Govt involvement urged in activist 'abduction' case

Govt involvement urged in activist 'abduction' case

Members of the media take photo of a picture of Wanchalearm Satsaksit, 37, a political activist who was abducted by unknown gunmen in front of his Phnom Penh apartment on Thursday. (Reuters photo)
Members of the media take photo of a picture of Wanchalearm Satsaksit, 37, a political activist who was abducted by unknown gunmen in front of his Phnom Penh apartment on Thursday. (Reuters photo)

Thai authorities will be seen in bad light if they do not actively investigate the case of government critic Wanchalearm Satsaksit who disappeared from Phnom Penh on Thursday, warned human rights defender Angkhana Neelapaijit.

"The government would be cast in a bad light -- as an accessory [to the disapperance] -- if it is not active in solving this case," Ms Angkhana said. "Despite Mr Wanchalearm being critical against the government, he is a Thai citizen."

Thai authorities must work with the Cambodian government to solve this case, the former human rights commissioner added.

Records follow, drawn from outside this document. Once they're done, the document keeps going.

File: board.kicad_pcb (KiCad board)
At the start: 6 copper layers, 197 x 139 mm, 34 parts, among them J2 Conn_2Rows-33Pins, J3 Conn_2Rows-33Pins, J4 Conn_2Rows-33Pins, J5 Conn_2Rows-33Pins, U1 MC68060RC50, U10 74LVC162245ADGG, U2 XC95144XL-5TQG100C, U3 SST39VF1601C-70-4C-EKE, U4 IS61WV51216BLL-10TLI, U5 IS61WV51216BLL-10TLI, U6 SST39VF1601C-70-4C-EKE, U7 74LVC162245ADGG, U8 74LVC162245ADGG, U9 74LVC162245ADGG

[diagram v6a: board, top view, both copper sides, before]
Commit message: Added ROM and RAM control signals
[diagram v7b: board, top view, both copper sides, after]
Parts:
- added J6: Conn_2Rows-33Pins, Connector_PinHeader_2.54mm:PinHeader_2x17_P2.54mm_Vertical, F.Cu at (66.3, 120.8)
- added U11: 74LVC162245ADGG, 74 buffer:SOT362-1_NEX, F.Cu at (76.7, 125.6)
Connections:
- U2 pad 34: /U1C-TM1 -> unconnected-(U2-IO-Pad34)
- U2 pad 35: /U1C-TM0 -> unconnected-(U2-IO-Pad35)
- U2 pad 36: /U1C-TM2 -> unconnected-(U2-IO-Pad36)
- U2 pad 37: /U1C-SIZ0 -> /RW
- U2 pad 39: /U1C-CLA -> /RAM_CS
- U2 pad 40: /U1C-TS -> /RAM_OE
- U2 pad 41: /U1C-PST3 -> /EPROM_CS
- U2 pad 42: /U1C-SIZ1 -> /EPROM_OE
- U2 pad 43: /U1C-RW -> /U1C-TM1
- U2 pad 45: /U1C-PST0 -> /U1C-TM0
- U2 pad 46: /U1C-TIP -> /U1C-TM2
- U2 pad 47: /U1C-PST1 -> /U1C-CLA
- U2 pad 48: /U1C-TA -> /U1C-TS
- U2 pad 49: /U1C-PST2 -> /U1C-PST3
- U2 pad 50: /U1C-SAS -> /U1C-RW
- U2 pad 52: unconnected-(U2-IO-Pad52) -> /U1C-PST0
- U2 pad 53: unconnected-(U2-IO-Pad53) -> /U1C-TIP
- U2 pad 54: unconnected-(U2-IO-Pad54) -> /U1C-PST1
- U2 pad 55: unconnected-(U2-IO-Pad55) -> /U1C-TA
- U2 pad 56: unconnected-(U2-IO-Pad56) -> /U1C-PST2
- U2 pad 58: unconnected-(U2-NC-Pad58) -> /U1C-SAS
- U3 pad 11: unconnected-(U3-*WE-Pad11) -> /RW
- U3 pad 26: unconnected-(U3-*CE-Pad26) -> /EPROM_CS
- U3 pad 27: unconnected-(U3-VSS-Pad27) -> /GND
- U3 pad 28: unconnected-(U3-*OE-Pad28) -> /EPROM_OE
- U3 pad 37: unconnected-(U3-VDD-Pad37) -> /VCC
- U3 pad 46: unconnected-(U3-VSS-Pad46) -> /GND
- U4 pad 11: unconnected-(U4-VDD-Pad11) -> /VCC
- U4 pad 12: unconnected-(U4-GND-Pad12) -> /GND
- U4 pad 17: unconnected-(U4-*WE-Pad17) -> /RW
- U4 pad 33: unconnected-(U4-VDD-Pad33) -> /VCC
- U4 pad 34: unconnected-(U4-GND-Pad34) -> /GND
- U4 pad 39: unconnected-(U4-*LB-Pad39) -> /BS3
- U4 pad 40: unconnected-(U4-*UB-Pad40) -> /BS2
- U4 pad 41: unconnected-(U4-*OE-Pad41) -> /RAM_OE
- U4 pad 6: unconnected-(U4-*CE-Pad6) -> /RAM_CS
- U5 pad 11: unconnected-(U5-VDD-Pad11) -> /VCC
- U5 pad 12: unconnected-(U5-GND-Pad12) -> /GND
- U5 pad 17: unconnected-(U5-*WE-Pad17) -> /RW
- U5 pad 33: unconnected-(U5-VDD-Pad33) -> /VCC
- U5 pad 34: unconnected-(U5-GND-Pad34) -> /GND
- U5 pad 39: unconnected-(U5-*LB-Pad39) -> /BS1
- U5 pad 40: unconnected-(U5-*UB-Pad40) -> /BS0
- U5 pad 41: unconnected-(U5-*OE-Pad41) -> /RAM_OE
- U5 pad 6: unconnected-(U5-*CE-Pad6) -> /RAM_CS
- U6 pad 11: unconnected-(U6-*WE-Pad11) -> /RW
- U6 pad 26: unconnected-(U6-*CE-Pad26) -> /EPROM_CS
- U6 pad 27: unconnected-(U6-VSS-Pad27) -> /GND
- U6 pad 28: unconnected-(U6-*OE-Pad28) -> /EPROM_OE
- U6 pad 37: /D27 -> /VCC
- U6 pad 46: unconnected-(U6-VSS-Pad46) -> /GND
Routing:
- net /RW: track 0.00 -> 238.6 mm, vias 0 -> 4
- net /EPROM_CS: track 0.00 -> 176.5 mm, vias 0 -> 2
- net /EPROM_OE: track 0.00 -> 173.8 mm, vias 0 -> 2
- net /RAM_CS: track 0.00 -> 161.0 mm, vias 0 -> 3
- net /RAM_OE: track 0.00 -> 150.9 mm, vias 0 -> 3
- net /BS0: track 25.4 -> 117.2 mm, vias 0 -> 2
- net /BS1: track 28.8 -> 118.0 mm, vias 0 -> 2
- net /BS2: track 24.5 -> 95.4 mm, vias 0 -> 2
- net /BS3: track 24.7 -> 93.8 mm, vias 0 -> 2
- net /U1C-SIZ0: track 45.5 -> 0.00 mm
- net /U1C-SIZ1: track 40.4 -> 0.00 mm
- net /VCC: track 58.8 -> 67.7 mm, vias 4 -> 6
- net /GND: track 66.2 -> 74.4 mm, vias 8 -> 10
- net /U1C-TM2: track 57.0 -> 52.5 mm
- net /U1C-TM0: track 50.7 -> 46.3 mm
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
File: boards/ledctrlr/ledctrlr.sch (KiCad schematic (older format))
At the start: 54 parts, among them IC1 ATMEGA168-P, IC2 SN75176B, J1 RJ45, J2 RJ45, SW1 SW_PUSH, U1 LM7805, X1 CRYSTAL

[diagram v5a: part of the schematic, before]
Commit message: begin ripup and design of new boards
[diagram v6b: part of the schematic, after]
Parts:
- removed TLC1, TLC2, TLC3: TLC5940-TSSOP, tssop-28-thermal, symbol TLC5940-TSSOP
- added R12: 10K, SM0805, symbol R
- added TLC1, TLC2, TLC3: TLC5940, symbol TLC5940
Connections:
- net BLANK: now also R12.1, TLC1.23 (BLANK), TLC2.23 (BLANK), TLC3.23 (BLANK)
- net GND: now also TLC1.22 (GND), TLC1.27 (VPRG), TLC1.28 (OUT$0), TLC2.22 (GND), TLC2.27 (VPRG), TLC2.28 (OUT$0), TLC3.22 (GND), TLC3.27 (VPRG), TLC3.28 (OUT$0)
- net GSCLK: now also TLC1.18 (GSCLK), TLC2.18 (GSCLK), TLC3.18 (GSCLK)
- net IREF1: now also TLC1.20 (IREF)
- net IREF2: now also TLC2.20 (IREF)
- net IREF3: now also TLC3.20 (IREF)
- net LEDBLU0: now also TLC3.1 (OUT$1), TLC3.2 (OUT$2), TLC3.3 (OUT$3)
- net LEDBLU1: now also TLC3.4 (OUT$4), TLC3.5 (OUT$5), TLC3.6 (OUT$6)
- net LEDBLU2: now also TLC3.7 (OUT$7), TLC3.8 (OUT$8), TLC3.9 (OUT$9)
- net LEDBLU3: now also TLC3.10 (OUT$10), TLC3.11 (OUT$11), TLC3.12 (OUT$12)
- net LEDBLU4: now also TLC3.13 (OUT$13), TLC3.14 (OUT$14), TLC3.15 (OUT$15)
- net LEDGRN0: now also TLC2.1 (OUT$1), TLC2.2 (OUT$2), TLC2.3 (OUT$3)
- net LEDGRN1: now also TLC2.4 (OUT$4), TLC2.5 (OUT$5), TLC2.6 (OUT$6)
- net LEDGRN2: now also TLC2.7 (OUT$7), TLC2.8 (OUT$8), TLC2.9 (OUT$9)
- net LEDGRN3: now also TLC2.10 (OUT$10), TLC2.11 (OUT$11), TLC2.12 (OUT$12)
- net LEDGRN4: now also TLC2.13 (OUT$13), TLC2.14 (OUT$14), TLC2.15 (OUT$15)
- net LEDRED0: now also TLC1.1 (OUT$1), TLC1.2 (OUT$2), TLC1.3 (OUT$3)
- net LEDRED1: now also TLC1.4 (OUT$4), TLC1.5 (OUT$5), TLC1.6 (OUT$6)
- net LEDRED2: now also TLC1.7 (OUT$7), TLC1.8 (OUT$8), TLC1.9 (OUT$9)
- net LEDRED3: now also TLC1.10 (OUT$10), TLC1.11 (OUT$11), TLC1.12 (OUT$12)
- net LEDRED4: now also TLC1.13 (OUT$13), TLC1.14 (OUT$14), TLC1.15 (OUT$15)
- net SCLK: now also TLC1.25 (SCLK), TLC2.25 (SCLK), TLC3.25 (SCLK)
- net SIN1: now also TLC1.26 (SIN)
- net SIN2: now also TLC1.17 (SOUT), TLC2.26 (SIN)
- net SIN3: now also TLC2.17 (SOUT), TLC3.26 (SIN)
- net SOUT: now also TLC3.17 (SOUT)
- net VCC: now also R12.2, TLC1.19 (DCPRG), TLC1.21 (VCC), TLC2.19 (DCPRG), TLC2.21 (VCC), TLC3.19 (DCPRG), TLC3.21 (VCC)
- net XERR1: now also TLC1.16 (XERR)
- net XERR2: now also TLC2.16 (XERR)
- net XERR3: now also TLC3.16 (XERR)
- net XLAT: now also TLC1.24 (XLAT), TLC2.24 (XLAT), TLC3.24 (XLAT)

Ms Angkhana believes the Cambodian government would take an active role in solving Mr Wanchalearm's disappearance as the country ratified the United Nations International Convention for the Protection of All Persons from Enforced Disappearance in 2013.

According to media reports, Mr Wanchalearm was living in exile in Cambodia's capital Phnom Penh.

Prachathai reported that Mr Wanchalearm was taken near his apartment while buying food on Thursday. He was dragged into a black car during the the afternoon.

Cambodian authorities have yet to acknowledge Mr Wanchalearm's disappearance, ruling out an investigation into the incident.

Pol Col Kissana Phathanacharoen, deputy spokesman for the Royal Thai Police (RTP), yesterday said the RTP has not received any information about Mr Wanchalearm.

"This did not take place on Thai soil," Col Kissana said. "Thai authorities do not have the authority to meddle."

Nantiwat Samart, former deputy director of the National Intelligence Agency (NIA), urged the public not to jump to conclusions.

"Isn't it too early to conclude that this activist was abducted and has already been killed?" Mr Nantiwat said.

"An abduction is a high-risk operation and needs a superpower nation to do it," he said. "Thailand is not a superpower."

Mr Nantiwat, writing on Facebook, expressed scepticism about allegations the activist was a victim of forced disappearance.

"His [charge] is for violating the Computer-Related Crime Act (CRCA), which carries a light penalty," the former intelligence director said.

"Is he so important that he had to be abducted?"

A native of Ubon Ratchathani, Mr Wanchalearm defied a summons by the National Council for Peace and Order. As a result, Mr Wanchalearm was told to show up at a military court.